TASK GOAL -> The lines to reproduce from the material below are those from the one containing "#300=VECTOR('',#299,1.);" through the one containing "#309=CARTESIAN_POINT('',(22.6419098143235,32.9336870026526,0.));", both included; write them out exactly and add nothing.

-------- EXTRACTED DATA

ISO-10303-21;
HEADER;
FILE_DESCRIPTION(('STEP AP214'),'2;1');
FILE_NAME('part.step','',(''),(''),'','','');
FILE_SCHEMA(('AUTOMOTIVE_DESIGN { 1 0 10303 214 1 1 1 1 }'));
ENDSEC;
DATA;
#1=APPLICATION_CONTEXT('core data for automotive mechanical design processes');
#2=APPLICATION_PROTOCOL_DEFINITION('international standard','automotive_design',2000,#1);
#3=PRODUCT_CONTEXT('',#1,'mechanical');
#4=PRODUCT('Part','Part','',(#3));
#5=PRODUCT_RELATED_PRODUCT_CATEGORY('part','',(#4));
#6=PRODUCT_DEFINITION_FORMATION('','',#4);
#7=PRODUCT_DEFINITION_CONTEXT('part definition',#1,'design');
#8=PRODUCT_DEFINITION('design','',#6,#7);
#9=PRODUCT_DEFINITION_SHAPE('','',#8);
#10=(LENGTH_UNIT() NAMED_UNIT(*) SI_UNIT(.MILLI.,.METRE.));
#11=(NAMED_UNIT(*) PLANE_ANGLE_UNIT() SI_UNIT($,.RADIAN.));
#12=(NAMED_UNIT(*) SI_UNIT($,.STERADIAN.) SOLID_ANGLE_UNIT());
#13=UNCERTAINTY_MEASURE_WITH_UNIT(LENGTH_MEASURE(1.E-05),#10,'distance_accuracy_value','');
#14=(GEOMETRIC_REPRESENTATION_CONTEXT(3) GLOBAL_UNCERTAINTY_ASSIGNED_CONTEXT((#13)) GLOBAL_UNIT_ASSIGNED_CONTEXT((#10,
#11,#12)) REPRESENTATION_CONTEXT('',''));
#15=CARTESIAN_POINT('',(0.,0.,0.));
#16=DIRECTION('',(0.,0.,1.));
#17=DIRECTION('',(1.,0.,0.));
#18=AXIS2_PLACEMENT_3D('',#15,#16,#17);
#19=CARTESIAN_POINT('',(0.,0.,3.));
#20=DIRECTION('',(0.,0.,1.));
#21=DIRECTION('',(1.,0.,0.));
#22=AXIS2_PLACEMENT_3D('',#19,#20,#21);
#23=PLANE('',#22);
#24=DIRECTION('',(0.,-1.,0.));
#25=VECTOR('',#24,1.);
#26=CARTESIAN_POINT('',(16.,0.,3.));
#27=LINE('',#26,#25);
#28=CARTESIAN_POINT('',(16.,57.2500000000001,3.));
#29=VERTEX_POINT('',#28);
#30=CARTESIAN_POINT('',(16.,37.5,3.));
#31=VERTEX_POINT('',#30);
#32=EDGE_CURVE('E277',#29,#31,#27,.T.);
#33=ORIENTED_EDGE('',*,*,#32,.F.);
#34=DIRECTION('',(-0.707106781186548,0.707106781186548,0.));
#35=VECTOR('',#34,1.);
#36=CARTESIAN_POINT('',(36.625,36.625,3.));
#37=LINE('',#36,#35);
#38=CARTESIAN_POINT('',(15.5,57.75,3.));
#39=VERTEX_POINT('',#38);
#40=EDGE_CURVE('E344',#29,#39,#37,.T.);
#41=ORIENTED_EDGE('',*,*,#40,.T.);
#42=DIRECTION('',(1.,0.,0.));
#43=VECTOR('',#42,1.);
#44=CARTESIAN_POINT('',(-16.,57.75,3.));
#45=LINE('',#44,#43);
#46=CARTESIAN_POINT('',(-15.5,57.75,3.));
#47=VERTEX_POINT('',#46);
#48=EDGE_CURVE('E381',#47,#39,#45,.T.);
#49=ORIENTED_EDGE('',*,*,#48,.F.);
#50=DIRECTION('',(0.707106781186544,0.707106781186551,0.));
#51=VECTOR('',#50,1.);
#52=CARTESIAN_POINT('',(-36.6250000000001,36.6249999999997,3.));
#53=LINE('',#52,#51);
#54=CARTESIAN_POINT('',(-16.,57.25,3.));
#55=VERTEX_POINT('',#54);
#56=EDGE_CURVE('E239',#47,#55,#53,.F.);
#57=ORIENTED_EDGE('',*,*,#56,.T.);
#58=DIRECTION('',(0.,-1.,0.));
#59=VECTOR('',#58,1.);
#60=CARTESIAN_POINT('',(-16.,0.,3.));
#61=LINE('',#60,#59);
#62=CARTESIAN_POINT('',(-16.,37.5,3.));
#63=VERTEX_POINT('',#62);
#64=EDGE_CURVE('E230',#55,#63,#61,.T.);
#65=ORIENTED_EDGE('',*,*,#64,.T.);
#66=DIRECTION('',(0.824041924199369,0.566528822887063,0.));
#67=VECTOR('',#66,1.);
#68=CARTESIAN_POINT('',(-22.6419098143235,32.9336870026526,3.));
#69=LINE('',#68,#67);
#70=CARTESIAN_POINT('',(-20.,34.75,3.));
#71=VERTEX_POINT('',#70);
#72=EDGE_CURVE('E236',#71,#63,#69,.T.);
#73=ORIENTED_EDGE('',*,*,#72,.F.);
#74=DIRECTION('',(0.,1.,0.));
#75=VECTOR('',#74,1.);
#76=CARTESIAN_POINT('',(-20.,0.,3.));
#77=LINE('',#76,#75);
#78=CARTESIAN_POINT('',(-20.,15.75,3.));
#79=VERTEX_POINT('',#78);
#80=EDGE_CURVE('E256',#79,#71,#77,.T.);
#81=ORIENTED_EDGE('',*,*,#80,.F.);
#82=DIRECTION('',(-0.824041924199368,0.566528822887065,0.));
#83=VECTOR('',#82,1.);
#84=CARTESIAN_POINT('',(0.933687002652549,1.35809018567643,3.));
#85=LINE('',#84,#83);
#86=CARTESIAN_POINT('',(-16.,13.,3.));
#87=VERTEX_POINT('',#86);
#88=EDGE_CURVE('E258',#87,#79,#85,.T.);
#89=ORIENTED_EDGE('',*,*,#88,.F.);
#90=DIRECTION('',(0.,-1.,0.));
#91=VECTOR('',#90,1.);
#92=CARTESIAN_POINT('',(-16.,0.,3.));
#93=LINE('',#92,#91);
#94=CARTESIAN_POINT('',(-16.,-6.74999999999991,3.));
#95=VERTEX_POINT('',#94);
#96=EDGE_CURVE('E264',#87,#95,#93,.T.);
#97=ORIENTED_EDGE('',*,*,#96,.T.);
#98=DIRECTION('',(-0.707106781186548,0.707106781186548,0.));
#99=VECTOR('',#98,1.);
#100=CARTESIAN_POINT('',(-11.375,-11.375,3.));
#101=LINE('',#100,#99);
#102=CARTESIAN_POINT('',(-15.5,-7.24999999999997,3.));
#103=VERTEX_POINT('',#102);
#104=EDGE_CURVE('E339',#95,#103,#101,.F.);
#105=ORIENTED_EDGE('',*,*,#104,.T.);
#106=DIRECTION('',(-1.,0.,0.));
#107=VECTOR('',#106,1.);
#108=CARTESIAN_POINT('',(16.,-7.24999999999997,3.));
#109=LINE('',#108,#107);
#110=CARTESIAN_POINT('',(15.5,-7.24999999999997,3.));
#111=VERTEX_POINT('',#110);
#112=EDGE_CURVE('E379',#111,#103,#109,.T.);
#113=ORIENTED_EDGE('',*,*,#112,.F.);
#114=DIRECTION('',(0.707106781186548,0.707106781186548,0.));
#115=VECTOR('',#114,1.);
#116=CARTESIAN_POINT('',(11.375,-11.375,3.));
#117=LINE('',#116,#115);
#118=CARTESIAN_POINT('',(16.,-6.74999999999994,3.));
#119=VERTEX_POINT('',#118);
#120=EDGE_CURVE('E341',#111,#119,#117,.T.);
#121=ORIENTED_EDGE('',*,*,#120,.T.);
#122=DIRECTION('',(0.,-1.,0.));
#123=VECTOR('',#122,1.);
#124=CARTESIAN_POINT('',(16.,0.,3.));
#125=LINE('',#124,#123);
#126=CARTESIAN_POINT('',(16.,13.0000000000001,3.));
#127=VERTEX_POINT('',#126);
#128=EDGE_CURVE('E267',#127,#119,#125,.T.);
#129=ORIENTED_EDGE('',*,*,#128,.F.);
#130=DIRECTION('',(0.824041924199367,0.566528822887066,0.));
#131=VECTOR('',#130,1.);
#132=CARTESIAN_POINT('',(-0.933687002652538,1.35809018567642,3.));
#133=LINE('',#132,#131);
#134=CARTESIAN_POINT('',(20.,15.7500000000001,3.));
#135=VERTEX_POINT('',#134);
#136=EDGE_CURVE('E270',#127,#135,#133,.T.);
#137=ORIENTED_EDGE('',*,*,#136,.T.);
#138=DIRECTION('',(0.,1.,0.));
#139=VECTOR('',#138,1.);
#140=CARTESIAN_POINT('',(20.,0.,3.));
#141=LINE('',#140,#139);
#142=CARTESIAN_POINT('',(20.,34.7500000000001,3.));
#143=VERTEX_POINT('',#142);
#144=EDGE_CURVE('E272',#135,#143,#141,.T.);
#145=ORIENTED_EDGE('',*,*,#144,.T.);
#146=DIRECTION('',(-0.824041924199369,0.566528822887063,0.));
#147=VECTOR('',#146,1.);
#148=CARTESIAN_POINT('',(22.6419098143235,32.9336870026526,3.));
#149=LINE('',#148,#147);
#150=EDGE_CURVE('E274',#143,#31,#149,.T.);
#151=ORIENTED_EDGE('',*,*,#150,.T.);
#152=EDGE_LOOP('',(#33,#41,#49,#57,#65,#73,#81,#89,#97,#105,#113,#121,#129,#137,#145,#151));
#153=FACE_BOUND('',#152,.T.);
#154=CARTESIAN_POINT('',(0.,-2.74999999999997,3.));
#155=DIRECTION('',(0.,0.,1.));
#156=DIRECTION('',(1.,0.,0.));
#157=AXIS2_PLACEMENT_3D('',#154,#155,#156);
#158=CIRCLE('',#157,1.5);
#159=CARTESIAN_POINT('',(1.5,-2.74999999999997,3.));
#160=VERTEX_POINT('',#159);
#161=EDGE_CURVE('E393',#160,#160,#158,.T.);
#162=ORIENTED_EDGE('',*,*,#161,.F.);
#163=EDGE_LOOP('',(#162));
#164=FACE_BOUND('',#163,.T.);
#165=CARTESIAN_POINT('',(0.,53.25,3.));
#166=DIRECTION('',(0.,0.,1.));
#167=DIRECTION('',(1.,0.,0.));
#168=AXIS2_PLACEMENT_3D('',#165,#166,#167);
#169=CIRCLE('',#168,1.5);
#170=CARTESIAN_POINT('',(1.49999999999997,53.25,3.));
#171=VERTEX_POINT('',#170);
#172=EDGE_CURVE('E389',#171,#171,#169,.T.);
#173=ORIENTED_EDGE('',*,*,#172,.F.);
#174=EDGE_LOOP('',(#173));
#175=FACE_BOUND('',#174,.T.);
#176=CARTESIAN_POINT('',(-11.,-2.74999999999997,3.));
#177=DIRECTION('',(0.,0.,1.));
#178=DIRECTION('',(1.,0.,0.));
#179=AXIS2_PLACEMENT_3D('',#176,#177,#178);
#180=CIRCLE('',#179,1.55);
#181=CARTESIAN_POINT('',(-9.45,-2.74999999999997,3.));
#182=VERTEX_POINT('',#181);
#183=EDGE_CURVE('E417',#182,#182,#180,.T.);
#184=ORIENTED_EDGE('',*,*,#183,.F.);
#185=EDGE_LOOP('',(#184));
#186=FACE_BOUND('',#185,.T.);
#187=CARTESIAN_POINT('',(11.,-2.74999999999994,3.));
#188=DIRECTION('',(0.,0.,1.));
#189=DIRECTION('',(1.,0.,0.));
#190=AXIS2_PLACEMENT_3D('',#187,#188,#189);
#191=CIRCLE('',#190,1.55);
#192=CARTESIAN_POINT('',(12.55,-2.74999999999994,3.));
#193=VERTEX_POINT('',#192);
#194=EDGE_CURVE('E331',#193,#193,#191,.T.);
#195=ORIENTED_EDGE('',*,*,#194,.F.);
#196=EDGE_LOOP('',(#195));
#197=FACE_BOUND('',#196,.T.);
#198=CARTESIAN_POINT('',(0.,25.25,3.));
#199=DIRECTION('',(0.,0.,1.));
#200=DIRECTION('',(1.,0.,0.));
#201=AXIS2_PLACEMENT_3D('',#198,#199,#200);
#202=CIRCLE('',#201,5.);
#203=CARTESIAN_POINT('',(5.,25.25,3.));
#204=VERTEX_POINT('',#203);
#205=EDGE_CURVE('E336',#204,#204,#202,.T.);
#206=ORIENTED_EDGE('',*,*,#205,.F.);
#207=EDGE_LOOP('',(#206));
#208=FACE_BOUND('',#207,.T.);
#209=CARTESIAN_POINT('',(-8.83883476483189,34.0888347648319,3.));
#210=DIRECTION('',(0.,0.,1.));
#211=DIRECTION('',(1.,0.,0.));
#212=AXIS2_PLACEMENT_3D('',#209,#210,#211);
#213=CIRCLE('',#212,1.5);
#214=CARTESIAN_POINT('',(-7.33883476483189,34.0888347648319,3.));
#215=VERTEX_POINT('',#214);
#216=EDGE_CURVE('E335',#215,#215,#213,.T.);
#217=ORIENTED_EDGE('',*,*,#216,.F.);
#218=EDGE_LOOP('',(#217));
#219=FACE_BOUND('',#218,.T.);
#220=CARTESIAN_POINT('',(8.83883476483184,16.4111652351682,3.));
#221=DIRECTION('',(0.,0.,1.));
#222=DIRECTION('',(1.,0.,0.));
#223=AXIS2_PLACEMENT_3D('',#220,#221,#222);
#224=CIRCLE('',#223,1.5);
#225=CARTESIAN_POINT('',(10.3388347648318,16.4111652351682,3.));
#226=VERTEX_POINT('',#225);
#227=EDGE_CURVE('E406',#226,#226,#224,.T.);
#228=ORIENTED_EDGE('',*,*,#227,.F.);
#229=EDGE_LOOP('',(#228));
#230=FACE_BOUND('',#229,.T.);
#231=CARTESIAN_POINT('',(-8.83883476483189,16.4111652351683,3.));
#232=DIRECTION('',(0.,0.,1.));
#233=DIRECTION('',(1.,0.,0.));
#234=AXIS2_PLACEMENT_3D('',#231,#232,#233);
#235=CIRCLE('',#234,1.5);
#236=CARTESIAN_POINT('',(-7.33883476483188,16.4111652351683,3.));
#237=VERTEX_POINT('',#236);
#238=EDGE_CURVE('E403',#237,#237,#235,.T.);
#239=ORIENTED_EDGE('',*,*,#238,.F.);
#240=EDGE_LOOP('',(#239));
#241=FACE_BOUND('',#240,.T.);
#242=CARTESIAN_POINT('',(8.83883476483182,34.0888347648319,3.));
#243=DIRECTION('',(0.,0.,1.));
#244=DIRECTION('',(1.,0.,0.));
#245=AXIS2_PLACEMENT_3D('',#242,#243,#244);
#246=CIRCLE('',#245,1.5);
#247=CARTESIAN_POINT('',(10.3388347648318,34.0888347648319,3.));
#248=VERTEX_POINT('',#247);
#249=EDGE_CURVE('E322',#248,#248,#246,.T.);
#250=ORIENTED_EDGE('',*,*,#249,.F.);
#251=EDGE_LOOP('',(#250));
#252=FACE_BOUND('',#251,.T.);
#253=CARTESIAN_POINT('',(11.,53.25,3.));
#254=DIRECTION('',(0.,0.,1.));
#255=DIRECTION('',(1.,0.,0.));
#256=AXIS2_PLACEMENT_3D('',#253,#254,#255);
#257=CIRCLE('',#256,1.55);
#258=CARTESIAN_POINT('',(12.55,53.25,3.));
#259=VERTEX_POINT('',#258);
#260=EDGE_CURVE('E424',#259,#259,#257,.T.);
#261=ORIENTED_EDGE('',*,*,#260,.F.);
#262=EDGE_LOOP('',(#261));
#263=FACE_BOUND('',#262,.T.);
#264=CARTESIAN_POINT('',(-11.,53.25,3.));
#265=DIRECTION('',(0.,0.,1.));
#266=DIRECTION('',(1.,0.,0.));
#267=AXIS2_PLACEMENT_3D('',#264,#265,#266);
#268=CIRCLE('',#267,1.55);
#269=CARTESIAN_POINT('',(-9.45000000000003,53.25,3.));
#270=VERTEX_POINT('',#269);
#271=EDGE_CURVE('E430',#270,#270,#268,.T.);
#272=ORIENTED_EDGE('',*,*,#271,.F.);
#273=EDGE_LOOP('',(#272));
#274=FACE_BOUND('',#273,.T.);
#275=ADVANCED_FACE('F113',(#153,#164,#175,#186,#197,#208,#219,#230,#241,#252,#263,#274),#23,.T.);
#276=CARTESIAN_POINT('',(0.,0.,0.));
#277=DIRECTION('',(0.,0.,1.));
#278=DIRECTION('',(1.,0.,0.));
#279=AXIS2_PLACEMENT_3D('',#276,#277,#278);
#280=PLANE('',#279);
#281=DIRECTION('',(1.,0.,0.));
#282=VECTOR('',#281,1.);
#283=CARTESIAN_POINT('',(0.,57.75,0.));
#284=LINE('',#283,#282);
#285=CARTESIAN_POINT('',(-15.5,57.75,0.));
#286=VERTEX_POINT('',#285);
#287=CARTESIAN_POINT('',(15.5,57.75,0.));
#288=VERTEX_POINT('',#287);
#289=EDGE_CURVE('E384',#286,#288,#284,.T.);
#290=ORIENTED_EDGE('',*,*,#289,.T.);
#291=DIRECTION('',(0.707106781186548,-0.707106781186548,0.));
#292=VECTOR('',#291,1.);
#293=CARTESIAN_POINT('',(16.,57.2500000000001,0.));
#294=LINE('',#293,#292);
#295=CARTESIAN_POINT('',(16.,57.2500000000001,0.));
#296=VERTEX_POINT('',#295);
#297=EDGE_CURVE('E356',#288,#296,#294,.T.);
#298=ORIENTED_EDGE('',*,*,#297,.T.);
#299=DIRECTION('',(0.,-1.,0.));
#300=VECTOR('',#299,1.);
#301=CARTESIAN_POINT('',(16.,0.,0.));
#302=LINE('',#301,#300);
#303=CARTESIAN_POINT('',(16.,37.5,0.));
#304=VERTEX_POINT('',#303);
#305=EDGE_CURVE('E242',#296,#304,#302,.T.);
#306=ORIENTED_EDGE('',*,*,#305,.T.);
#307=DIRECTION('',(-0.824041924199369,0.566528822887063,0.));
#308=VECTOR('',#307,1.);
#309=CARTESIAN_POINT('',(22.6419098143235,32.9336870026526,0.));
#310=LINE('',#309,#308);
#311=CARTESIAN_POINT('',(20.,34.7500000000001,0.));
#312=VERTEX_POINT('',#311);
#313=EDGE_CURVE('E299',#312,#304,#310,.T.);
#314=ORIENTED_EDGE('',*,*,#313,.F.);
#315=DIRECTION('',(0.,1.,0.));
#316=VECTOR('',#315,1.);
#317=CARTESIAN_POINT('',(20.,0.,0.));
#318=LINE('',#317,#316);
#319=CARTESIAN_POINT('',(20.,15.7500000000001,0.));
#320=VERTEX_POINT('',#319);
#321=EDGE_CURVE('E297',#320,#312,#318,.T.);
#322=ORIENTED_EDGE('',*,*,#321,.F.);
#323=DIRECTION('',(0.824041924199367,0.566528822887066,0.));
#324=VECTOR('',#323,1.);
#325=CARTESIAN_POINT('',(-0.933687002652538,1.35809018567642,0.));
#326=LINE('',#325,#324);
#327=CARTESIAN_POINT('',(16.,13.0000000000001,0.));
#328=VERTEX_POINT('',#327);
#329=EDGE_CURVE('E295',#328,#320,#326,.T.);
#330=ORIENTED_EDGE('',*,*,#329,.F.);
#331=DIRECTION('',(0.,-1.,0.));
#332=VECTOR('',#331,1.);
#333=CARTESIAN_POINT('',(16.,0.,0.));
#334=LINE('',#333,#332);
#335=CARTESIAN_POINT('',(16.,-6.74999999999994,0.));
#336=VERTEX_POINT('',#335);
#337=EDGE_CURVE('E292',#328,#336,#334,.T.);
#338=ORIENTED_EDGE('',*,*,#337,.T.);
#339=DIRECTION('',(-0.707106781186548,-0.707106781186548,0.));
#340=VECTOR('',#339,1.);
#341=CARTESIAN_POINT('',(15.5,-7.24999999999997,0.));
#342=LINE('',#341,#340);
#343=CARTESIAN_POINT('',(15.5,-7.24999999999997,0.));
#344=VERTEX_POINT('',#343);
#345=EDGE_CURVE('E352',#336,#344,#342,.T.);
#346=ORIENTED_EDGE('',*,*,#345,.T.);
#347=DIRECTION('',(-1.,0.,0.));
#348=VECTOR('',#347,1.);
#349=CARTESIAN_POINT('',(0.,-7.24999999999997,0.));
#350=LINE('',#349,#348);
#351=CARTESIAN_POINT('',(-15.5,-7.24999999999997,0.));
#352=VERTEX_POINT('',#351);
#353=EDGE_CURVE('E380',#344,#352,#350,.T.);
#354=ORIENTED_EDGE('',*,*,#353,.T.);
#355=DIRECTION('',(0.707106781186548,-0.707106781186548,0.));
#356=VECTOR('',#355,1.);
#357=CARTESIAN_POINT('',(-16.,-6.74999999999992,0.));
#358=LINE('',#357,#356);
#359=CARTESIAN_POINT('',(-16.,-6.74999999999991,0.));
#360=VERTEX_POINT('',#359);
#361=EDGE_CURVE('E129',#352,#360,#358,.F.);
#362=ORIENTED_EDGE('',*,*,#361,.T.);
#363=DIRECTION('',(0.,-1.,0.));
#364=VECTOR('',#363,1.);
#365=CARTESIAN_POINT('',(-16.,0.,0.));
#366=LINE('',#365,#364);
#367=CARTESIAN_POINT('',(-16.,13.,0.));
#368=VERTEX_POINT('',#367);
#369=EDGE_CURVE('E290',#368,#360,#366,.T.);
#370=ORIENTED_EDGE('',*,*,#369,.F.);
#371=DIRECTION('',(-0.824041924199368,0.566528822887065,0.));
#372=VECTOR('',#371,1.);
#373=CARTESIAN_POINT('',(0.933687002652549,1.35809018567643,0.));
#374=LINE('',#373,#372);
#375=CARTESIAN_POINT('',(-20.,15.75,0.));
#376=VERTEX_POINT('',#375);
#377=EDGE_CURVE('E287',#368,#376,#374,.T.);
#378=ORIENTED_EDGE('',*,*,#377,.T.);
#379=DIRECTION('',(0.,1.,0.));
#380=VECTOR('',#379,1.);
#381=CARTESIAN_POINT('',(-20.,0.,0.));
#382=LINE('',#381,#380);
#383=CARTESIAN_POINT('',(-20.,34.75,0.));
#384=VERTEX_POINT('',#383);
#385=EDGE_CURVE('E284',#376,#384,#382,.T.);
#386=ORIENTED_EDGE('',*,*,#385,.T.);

----------------

SOLUTION BELOW ->
#300=VECTOR('',#299,1.);
#301=CARTESIAN_POINT('',(16.,0.,0.));
#302=LINE('',#301,#300);
#303=CARTESIAN_POINT('',(16.,37.5,0.));
#304=VERTEX_POINT('',#303);
#305=EDGE_CURVE('E242',#296,#304,#302,.T.);
#306=ORIENTED_EDGE('',*,*,#305,.T.);
#307=DIRECTION('',(-0.824041924199369,0.566528822887063,0.));
#308=VECTOR('',#307,1.);
#309=CARTESIAN_POINT('',(22.6419098143235,32.9336870026526,0.));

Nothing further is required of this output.